Rethinking Reward Supervision: Rubric-Conditioned S... | AI Research

Rethinking Reward Supervision: Rubric-Conditioned Self-Distillation
This paper introduces Rubric-Conditioned Self-Distillation (RCSD), a new framework designed to improve how reasoning language models are trained. Currently, models are often trained using reinforcement learning with simple "pass/fail" rewards or by imitating a single "gold standard" reasoning path. The authors argue that these methods are limited: scalar rewards are too vague to explain why a model failed, and imitating a single path can be overly restrictive. RCSD instead uses structured rubrics—sets of specific criteria—to provide dense, token-level guidance that helps the model learn the underlying principles of a high-quality response rather than just memorizing a single answer.

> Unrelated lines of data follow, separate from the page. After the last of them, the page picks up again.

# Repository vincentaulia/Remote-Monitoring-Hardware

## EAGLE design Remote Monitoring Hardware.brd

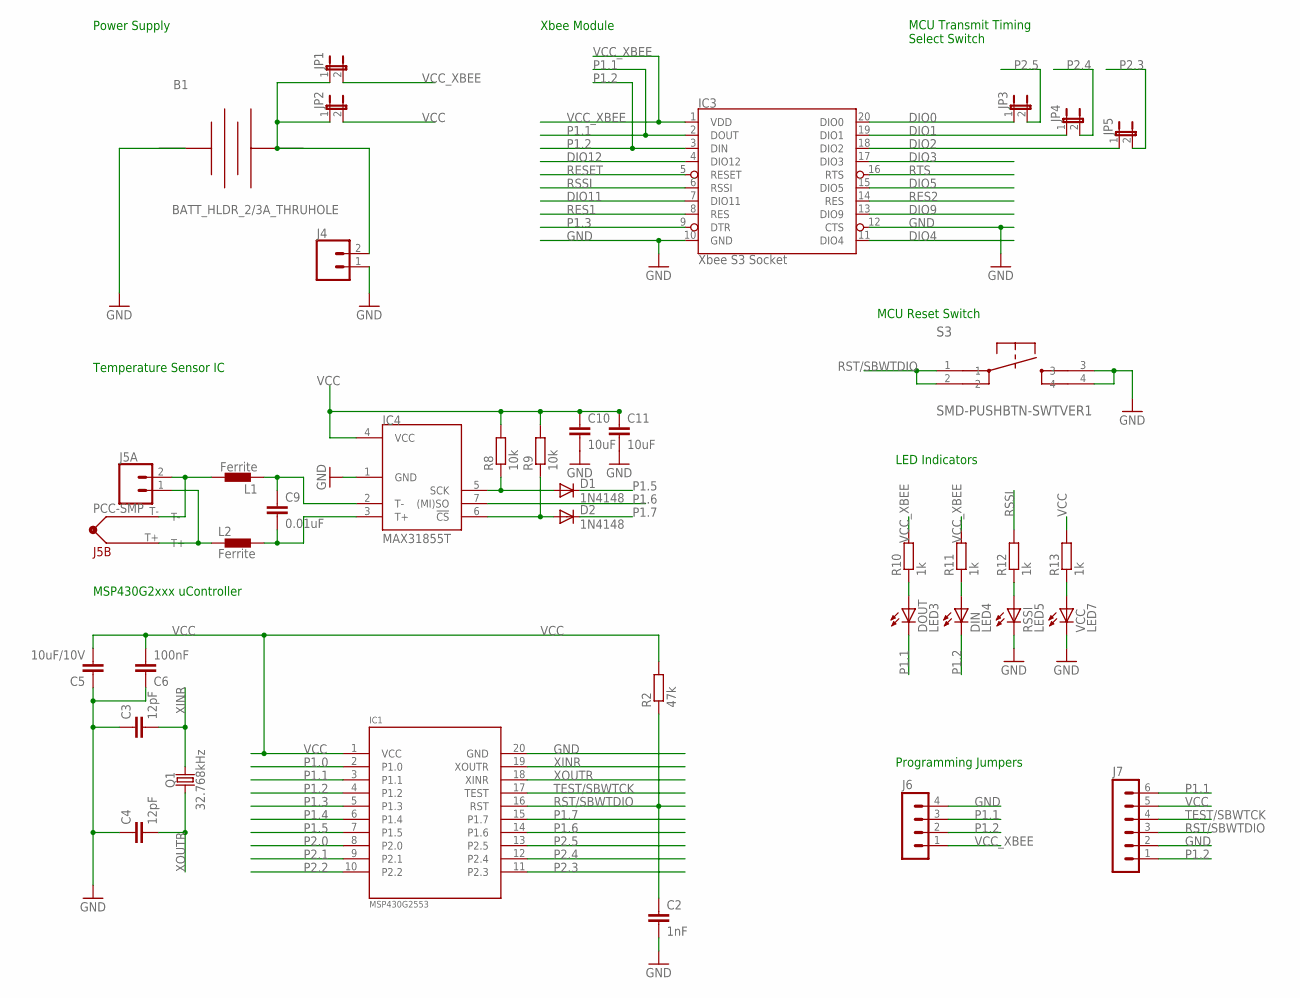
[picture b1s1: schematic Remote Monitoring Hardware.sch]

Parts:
B1: BATT_HLDR_2/3A_THRUHOLE
C2: 1nF; C0805
C3, C4: 12pF; C0805
C5: 10uF/10V; C0805
C6: 100nF; C0805
C9: 0.01uF; C0805
C10, C11: 10uF; C0805
D1, D2: 1N4148; SOD323-R
DIN: LED4; SML0805
DOUT: LED3; SML0805
IC1: MSP430G2553; MSP430G2553IPW20
IC3: Xbee S3 Socket; XBEE-LONGPAD
IC4: MAX31855T; SOIC8
J4, J5A: CONN_023.5MM; SCREWTERMINAL-3.5MM-2
J5B: PCC-SMP
J6: MA04-1
J7: MA06-1
JP1, JP2, JP3, JP4, JP5: JUMPER-2PTH; 1X02
L1, L2: Ferrite; 0402
Q1: 32.768kHz; CRYSTAL-SMD-2X6-CYL
R2: 47k; R0805
R8, R9: 10k; R0805
R10, R11, R12, R13: 1k; R0805
RSSI: LED5; SML0805
S3: SMD-PUSHBTN-SWTVER1; KPT-1187B
VCC: LED7; SML0805

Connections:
1: D1.A, IC4.5 (SCK), R8.1
2: D2.A, IC4.6 (!CS), R9.1
DIO0: IC3.20 (DIO0), JP3.1
DIO1: IC3.19 (DIO1), JP4.1
DIO2: IC3.18 (DIO2), JP5.1
DIO3: IC3.17 (DIO3)
DIO4: IC3.11 (DIO4)
DIO5: IC3.15 (DIO5)
DIO9: IC3.13 (DIO9)
DIO11: IC3.7 (DIO11)
DIO12: IC3.4 (DIO12)
GND: B1.NEG, C2.2, C3.1, C4.1, C5.1, C6.1, C10.2, C11.2, IC1.20 (GND), IC3.10 (GND), IC3.12 (CTS), IC4.1 (GND), J4.1, J6.4, J7.2, RSSI.C, S3.3, S3.4, VCC.C
unnamed: B1.POS, J4.2, JP1.1, JP2.1
unnamed: DOUT.A, R10.1
unnamed: DIN.A, R11.1
unnamed: R12.1, RSSI.A
unnamed: C9.1, IC4.2 (T-), L1.1
unnamed: C9.2, IC4.3 (T+), L2.2
unnamed: J5A.2, J5B.T-, L1.2
unnamed: J5A.1, J5B.T+, L2.1
unnamed: R13.1, VCC.A
P1.0: IC1.2 (P1.0)
P1.1: DOUT.C, IC1.3 (P1.1), IC3.2 (DOUT), J6.3, J7.6
P1.2: DIN.C, IC1.4 (P1.2), IC3.3 (DIN), J6.2, J7.1
P1.3: IC1.5 (P1.3), IC3.9 (DTR)
P1.4: IC1.6 (P1.4)
P1.5: D1.C, IC1.7 (P1.5)
P1.6: IC1.14 (P1.6), IC4.7 ((MI)SO)
P1.7: D2.C, IC1.15 (P1.7)
P2.0: IC1.8 (P2.0)
P2.1: IC1.9 (P2.1)
P2.2: IC1.10 (P2.2)
P2.3: IC1.11 (P2.3), JP5.2
P2.4: IC1.12 (P2.4), JP4.2
P2.5: IC1.13 (P2.5), JP3.2
RES1: IC3.8 (RES)
RES2: IC3.14 (RES)
RESET: IC3.5 (RESET)
RSSI: IC3.6 (RSSI), R12.2
RST/SBWTDIO: C2.1, IC1.16 (RST), J7.3, R2.1, S3.1, S3.2
RTS: IC3.16 (RTS)
TEST/SBWTCK: IC1.17 (TEST), J7.4
VCC: C5.2, C6.2, C10.1, C11.1, IC1.1 (VCC), IC4.4 (VCC), J7.5, JP2.2, R2.2, R8.2, R9.2, R13.2
VCC_XBEE: IC3.1 (VDD), J6.1, JP1.2, R10.2, R11.2
XINR: C3.2, IC1.19 (XOUTR), Q1.X2 (2)
XOUTR: C4.2, IC1.18 (XINR), Q1.X1 (1)

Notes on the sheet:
Power Supply
Xbee Module
LED Indicators
Temperature Sensor IC
MSP430G2xxx uController
MCU Reset Switch
Programming Jumpers
MCU Transmit Timing Select Switch

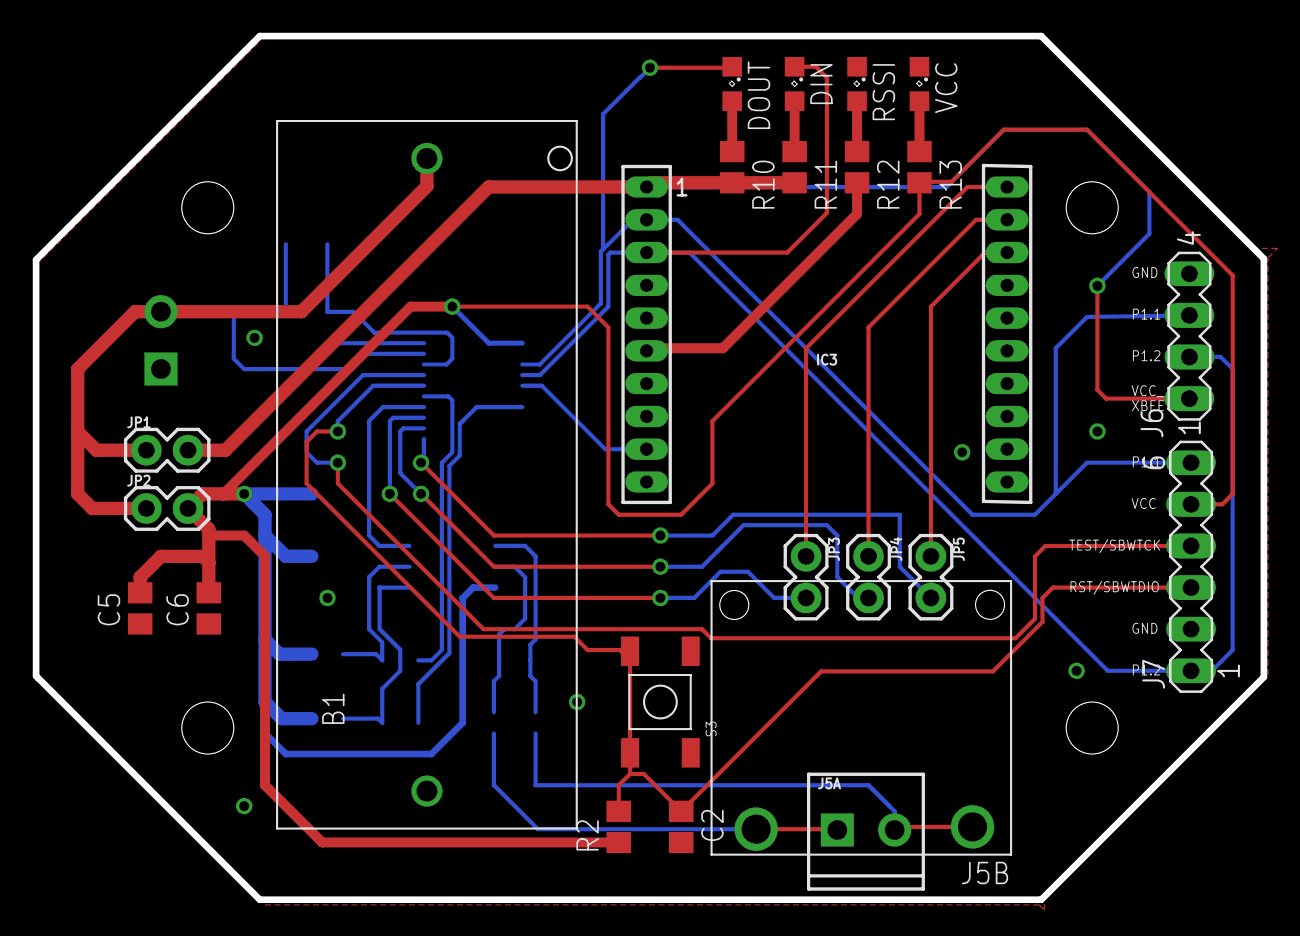
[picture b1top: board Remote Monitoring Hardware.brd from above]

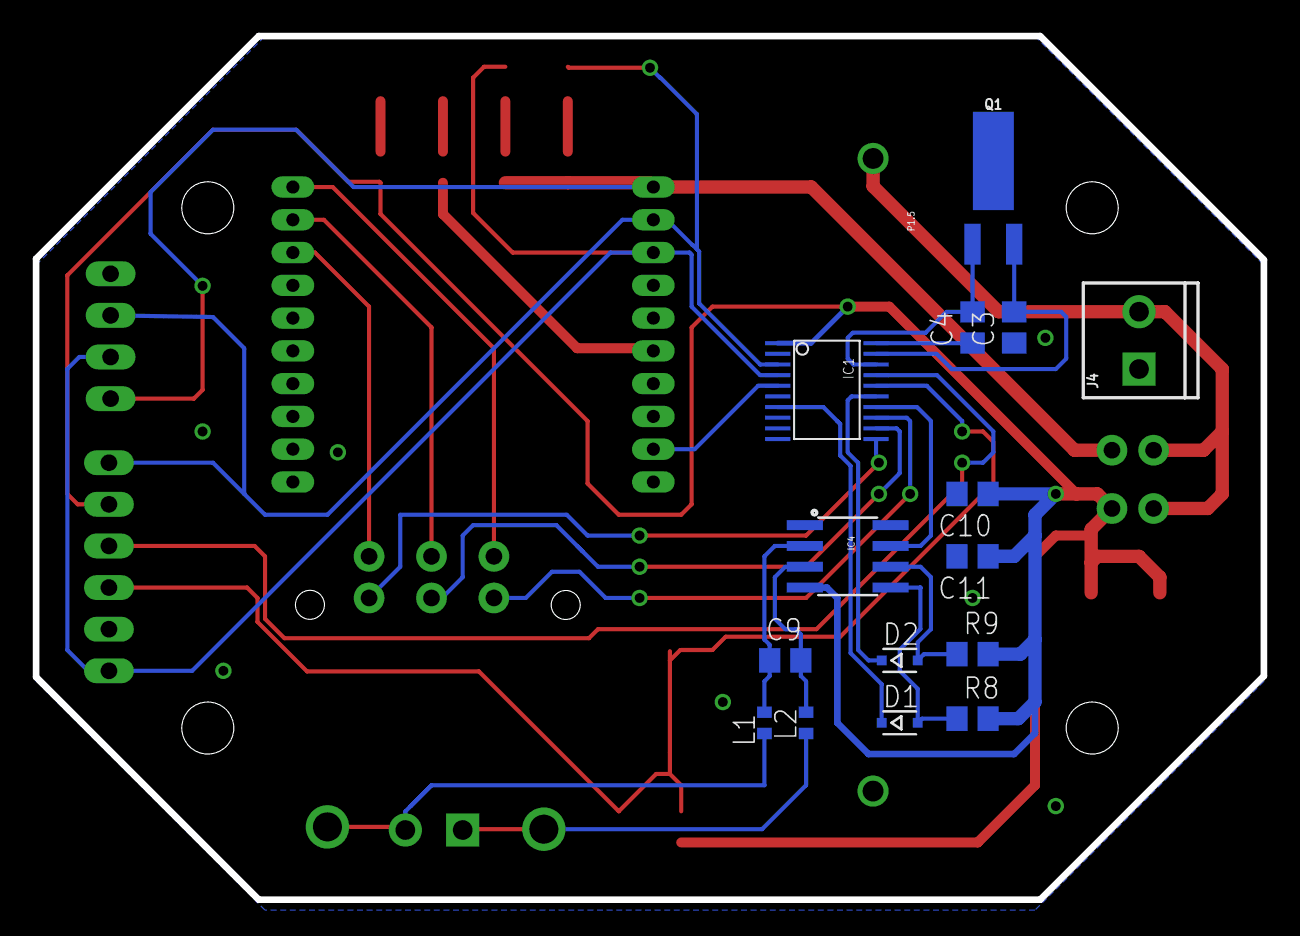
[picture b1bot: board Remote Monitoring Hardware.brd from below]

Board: 2 copper layers, 74.9 x 52.7 mm, 39 parts (15 on the bottom side), 31 nets.

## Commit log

2017-09-20 initial project version
2017-09-20 board and schematics update May 25 2017
2017-09-20 Added BOM + brd & sch changes Aug 28 2017
2017-09-20 brd & sch changes Sept 12 2017
2017-09-20 brd sch BOM changes Sept 20 2017
2017-09-20 larger msp430 programmer pins , new eagle project setup
2017-09-20 revised bom for larger programming pin

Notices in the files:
parts and their libraries:
SparkFun-RF: Licensing: Creative Commons ShareAlike 4.0 International - https://creativecommons.org/licenses/by-sa/4.0

A New Way to Guide Learning

The core innovation of RCSD is moving away from compressing feedback into a single number or a single reference trajectory. Instead, the framework treats rubrics as a "privileged" source of information. During training, a teacher model is given a rubric that outlines what a strong response should look like. This teacher then provides step-by-step, token-level feedback to a student model as it generates its own reasoning. This allows the student to receive nuanced, criterion-aware guidance that highlights exactly where it is succeeding or failing in real-time.

The Two-Stage Pipeline

To make this approach practical, the authors divide the training process into two distinct stages. In the first stage, they train a "rubric generator" that learns to create task-specific evaluation criteria for any given question. This allows the model to generate its own rubrics without needing human-written ones at test time. In the second stage, the reasoner uses these generated rubrics to guide its own learning. By separating the creation of criteria from the reasoning process, the model becomes more flexible and capable of handling complex tasks where there isn't just one "correct" way to think through a problem.

Performance and Results

The researchers tested RCSD across a variety of science reasoning benchmarks, including both verifiable tasks (like math or code) and open-ended, non-verifiable tasks. The results show that RCSD outperforms existing methods, including Group Relative Policy Optimization (GRPO) and standard On-Policy Self-Distillation (OPSD). On average, the method achieved a higher score than these baselines, with particularly strong performance in scientific reasoning tasks where simple outcome-based rewards often fail to capture the quality of the reasoning process.

Why This Matters

By using rubrics as a structured interface for supervision, the authors demonstrate that models can learn more effectively when they are taught the "what" and "why" of a good answer rather than just the "how." This approach helps solve the credit-assignment problem in machine learning, where it is often difficult to tell which specific part of a long reasoning chain led to an error. Because RCSD remains on-policy—meaning it learns from the model's own attempts rather than just following a fixed, pre-written path—it encourages the model to explore multiple valid ways to solve a problem while still adhering to the necessary quality criteria.